California State University, Sacramento
Department of Public Policy and Administration

PPA 298A&B:
California Judicial Administration Fellowship Seminar
Fall & Spring 2004-05

Instructor: Bryan Borys, Ph.D.
         Executive Director, CASA of Los Angeles
         201 Centre Plaza Dr., Suite 3
         Monterey Park, CA  91754
         323-526-6325
         fax: 323-264-5020
         bborys@lasuperiorcourt.org

The purpose of this course is to complement the Fellow’s placement in the California Judicial Branch with a “toolkit” of theories that are useful for making sense of the management challenges facing court leaders.
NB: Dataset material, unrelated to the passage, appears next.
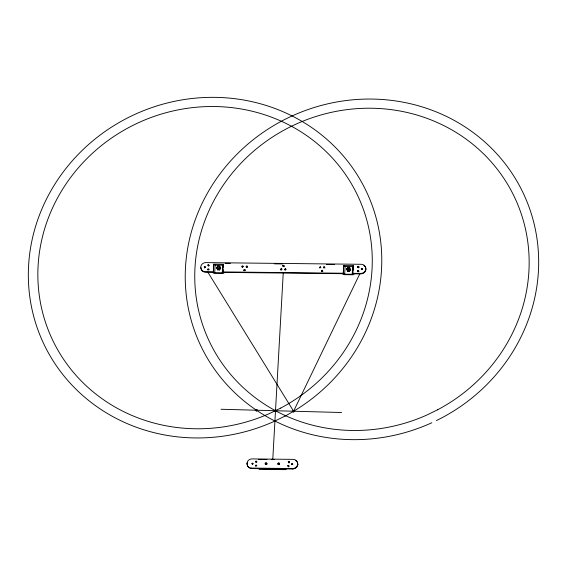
<?xml version="1.0" encoding="UTF-8"?>
<svg xmlns="http://www.w3.org/2000/svg" width="567" height="567" viewBox="0 0 567 567"><rect width="100%" height="100%" fill="white"/><g stroke="black" fill="none" stroke-linecap="round" stroke-linejoin="round"><path stroke-width="0.85" d="M223.107 269.736L222.966 272.288L222.257 272.862L214.709 272.784L213.291 271.82L213.724 264.172L223.228 264.272L223.249 267.185M213.461 272.181L213.724 264.172M214.709 272.784L215.134 265.136L213.887 264.534M222.257 272.862L222.682 265.214L223.391 264.64M222.966 272.288L223.228 264.272M272.762 459.66L283.259 272.734M353.191 265.689L352.929 273.698L352.22 274.279L344.672 274.194L343.255 273.23L343.687 265.583L353.191 265.689L353.121 270.303M343.418 273.592L343.687 265.583M344.672 274.194L345.097 266.547L343.85 265.951M352.22 274.279L352.646 266.632L353.354 266.058M209.322 265.703L208.458 265.2L208.401 266.192M243.732 269.885C246.333 268.234 243.845 271.558 243.966 270.289M285.166 270.161L285.095 269.261L286.073 269.523M320.709 267.284C318.044 268.843 320.667 265.746 320.497 266.83M320.901 267.907L320.362 267.177L319.753 267.893M322.765 271.366L322.226 270.643L321.617 271.359M325.011 267.95L324.48 267.22L323.863 267.936M358.62 270.976L358.238 270.275L357.486 270.672L357.727 271.317L358.62 270.976L358.805 271.522M360.024 273.344L293.593 411.224L207.841 272.16M362.448 269.644L361.98 268.779L361.42 269.637M216.544 267.681L217.714 266.093L219.684 266.207L220.712 268.397L219.542 269.991L217.572 269.871L216.544 267.681L216.764 268.163M217.572 269.871L217.352 269.396L219.323 269.509L220.492 267.922L220.712 268.397M346.508 269.077L347.67 267.482L349.648 267.596L350.668 269.786L349.506 271.38L347.536 271.26L346.508 269.077L346.728 269.552L347.89 267.957L347.67 267.482M347.536 271.26L347.316 270.785L349.286 270.906L350.456 269.311L350.668 269.786M246.177 266.065C246.354 269.516 247.992 264.073 246.461 266.497M247.191 267.362C248.133 266.185 245.539 266.136 246.354 267.355M244.944 270.778C245.88 269.608 243.293 269.552 244.101 270.771M358.868 271.31C358.259 269.509 356.87 272.507 358.67 271.713M256.731 462.403C257.68 461.233 255.086 461.169 255.894 462.396M271.224 459.539L274.336 459.575M273.882 468.874L270.707 468.711L292.891 469.015A4.805 4.543 -24.6 0 0 295.747 460.482M280.892 268.645C280.204 272.125 282.983 267.135 281.182 269.098M289.425 462.743C288.149 463.586 288.277 461.049 289.475 461.935M436.42 420.586L441.962 417.766A178.392 168.569 -24.6 0 0 461.822 124.853A178.392 168.569 -24.6 0 0 186.111 259.587A178.392 168.569 -24.6 0 0 430.778 423.23L431.827 422.741M361.604 268.319L361.2 269.155L362.001 269.375L362.256 268.595L361.604 268.319L361.902 268.786M288.837 466.797C287.065 467.201 288.731 464.607 289.163 466.308M283.748 266.759L282.82 265.795M358.613 267.886L357.791 267.192M225.113 263.308L230.4 263.364M274.492 263.846L282.43 263.931M326.521 264.413L334.459 264.498M215.134 265.136L222.682 265.214M345.097 266.547L352.646 266.632M213.291 271.82L205.226 271.728A4.777 4.515 -24.6 0 1 200.753 267.114A4.777 4.515 -24.6 0 1 205.736 262.606L361.342 264.3A4.777 4.515 -24.6 0 1 365.807 268.914A4.777 4.515 -24.6 0 1 360.825 273.422L352.759 273.337M222.796 271.919L343.255 273.23M258.261 459.461L266.986 459.553M246.985 463.452A4.805 4.543 -24.6 0 0 251.479 468.094L292.671 468.54A4.805 4.543 -24.6 0 0 297.682 464.004A4.805 4.543 -24.6 0 0 293.189 459.369L251.996 458.916A4.805 4.543 -24.6 0 0 246.985 463.452L247.205 463.926M247.432 462.743A4.805 4.543 -24.6 0 0 251.698 468.569L270.707 468.774M221.002 409.261L341.589 412.521M252.712 464.664L252.18 463.934L253.187 463.693M284.953 269.686C287.441 269.226 283.493 267.844 285.109 270.119M281.189 270.175C279.949 269.665 281.877 268.311 281.969 269.63M284.223 266.214L283.663 265.632L283.046 266.348M243.257 266.766L242.407 266.412L242.237 267.312M208.947 269.268L208.011 269.382L208.181 270.168M205.495 267.248L204.659 267.234L204.524 267.929M208.819 268.914C205.991 268.588 209.081 270.466 208.996 269.332M292.877 464.274L292.225 463.997L291.764 464.692M255.845 466.365L256.022 465.464L256.872 465.826M358.833 266.639L359.053 267.114M357.607 270.473L357.827 270.948M349.648 267.596L349.86 268.078M349.286 270.906L349.506 271.38M347.741 269.857L347.961 270.331M323.899 266.866L324.118 267.34M322.566 270.672L322.786 271.146M321.397 270.657L321.617 271.132M285.527 268.666L285.747 269.148M283.989 265.81L284.209 266.284M246.773 267.007L246.992 267.482M244.916 269.828L245.128 270.303M242.846 265.987L243.059 266.462M242.208 266.958L242.421 267.433M219.684 266.207L219.904 266.681M217.714 266.093L217.926 266.568M219.323 269.509L219.542 269.991M207.976 265.002L208.195 265.476M297.682 464.004L297.902 464.479M207.735 269.41L207.947 269.885M204.942 266.61L205.162 267.085M292.671 468.54L292.891 469.015M285.761 468.937L286.087 469.653L259.154 469.363L258.828 468.647M251.479 468.094L251.698 468.569M357.961 267.61L358.372 266.773L359.088 267.333M218.578 266.844A0.999 0.943 -24.6 0 1 219.429 268.141A0.999 0.943 -24.6 0 1 217.841 268.524A0.999 0.943 -24.6 0 1 218.075 266.965M219.727 268.29A0.999 0.943 -24.6 0 1 219.181 269.112M218.196 269.098A0.999 0.943 -24.6 0 1 217.997 268.942M348.535 268.234A0.999 0.943 -24.6 0 1 349.421 269.453A0.999 0.943 -24.6 0 1 347.932 270.012A0.999 0.943 -24.6 0 1 347.819 268.51M200.973 267.596A4.777 4.515 -24.6 0 0 205.445 272.21L211.923 272.28L213.95 273.244L223.455 273.351L224.603 272.415L341.887 273.684L343.907 274.662L353.411 274.768L354.559 273.826L361.044 273.896A4.777 4.515 -24.6 0 0 363.886 265.413M219.868 268.588A1.198 1.134 -24.6 0 1 219.535 269.098M218.089 269.261A1.198 1.134 -24.6 0 1 217.678 268.843M219.798 267.716A1.198 1.134 -24.6 0 1 219.904 267.993M349.697 270.275A1.198 1.134 -24.6 0 1 349.492 270.516M347.812 270.494A1.198 1.134 -24.6 0 1 347.635 270.253M349.584 268.893A1.198 1.134 -24.6 0 1 349.761 269.134M266.263 463.374A0.801 0.758 -24.6 0 1 267.007 464.153M204.269 267.014C204.9 269.219 206.097 265.476 204.269 267.014M207.947 265.065C208.578 267.27 209.769 263.527 207.947 265.065M241.896 266.277C242.527 268.482 243.718 264.739 241.896 266.277M282.841 265.576C283.479 267.78 284.669 264.038 282.841 265.576M321.411 270.587C322.049 272.784 323.24 269.041 321.411 270.587M323.665 267.163C324.296 269.368 325.493 265.625 323.665 267.163M357.713 266.696C358.344 268.9 359.535 265.158 357.713 266.696M251.961 463.459C252.584 465.663 253.789 461.921 251.961 463.459M255.554 461.361C256.178 463.565 257.383 459.83 255.554 461.361M255.511 465.33C256.135 467.534 257.34 463.799 255.511 465.33M288.249 461.701C288.872 463.905 290.077 460.17 288.249 461.701M287.788 465.663C288.412 467.874 289.617 464.132 287.788 465.663M291.566 463.919C292.189 466.124 293.394 462.388 291.566 463.919M280.757 408.063L270.175 413.23A168.775 159.483 -24.6 0 1 38.691 258.403A168.775 159.483 -24.6 0 1 299.546 130.927A168.775 159.483 -24.6 0 1 280.757 408.063M285.073 416.058L273.882 421.522A178.392 168.569 -24.6 0 1 29.215 257.879A178.392 168.569 -24.6 0 1 304.926 123.145A178.392 168.569 -24.6 0 1 285.073 416.058M437.653 409.764L427.071 414.938A168.775 159.483 -24.6 0 1 195.587 260.111A168.775 159.483 -24.6 0 1 456.442 132.635A168.775 159.483 -24.6 0 1 437.653 409.764M275.527 411.557A0.801 0.758 -24.6 0 0 276.37 410.48A0.801 0.758 -24.6 0 0 275.009 410.352A0.801 0.758 -24.6 0 0 275.527 411.557M293.486 411.982A0.801 0.758 -24.6 0 0 294.323 410.898A0.801 0.758 -24.6 0 0 292.962 410.784A0.801 0.758 -24.6 0 0 293.486 411.982M256.376 410.983A0.801 0.758 -24.6 0 0 257.212 409.891A0.801 0.758 -24.6 0 0 255.845 409.785A0.801 0.758 -24.6 0 0 256.376 410.983M347.954 269.637A0.999 0.943 -24.6 0 0 349.237 268.482A0.999 0.943 -24.6 0 0 347.599 268.028A0.999 0.943 -24.6 0 0 347.954 269.637M218.075 268.262A0.999 0.943 -24.6 0 0 219.252 267.007A0.999 0.943 -24.6 0 0 217.579 266.703A0.999 0.943 -24.6 0 0 218.075 268.262M265.753 464.373A0.773 0.73 -24.6 0 0 266.745 463.48A0.773 0.73 -24.6 0 0 265.484 463.133A0.773 0.73 -24.6 0 0 265.753 464.373A0.801 0.758 -24.6 0 0 266.773 463.48A0.801 0.758 -24.6 0 0 265.469 463.111A0.801 0.758 -24.6 0 0 265.746 464.401M278.432 464.508A0.773 0.73 -24.6 0 0 279.425 463.615A0.801 0.758 -24.6 0 0 278.142 463.246A0.801 0.758 -24.6 0 0 278.425 464.536A0.801 0.758 -24.6 0 0 279.446 463.615A0.773 0.73 -24.6 0 0 278.163 463.267A0.773 0.73 -24.6 0 0 278.432 464.508"/></g></svg>

The lack of a general theory of judicial administration means that we are forced to put together our own. There are three levels of concepts that we will use to do so:

  1. General organization theory (drawn from references used by the Friesen, Gallas and Gallas text and others);
  2. Individual bits and pieces of judicial administration theory (from the other readings);
  3. Fellows’ reflections upon their placement experiences.

The challenge for the Instructor and the Fellows is to knit together these three levels into a coherent and theoretically informed understanding of what judicial administration means and how it should be practiced.

Toward this end, here are three tips on preparation for the seminars:

  1. Do the reading,
  2. Do the reading,
  3. Do the reading.

The instructor will not review or recap the reading. It is up to the Fellow to learn the material prior to the seminar. (In fact, you should think about getting ahead on the reading in the first couple months: the November seminar follows quickly after the October one, and there’s lots of reading for November.)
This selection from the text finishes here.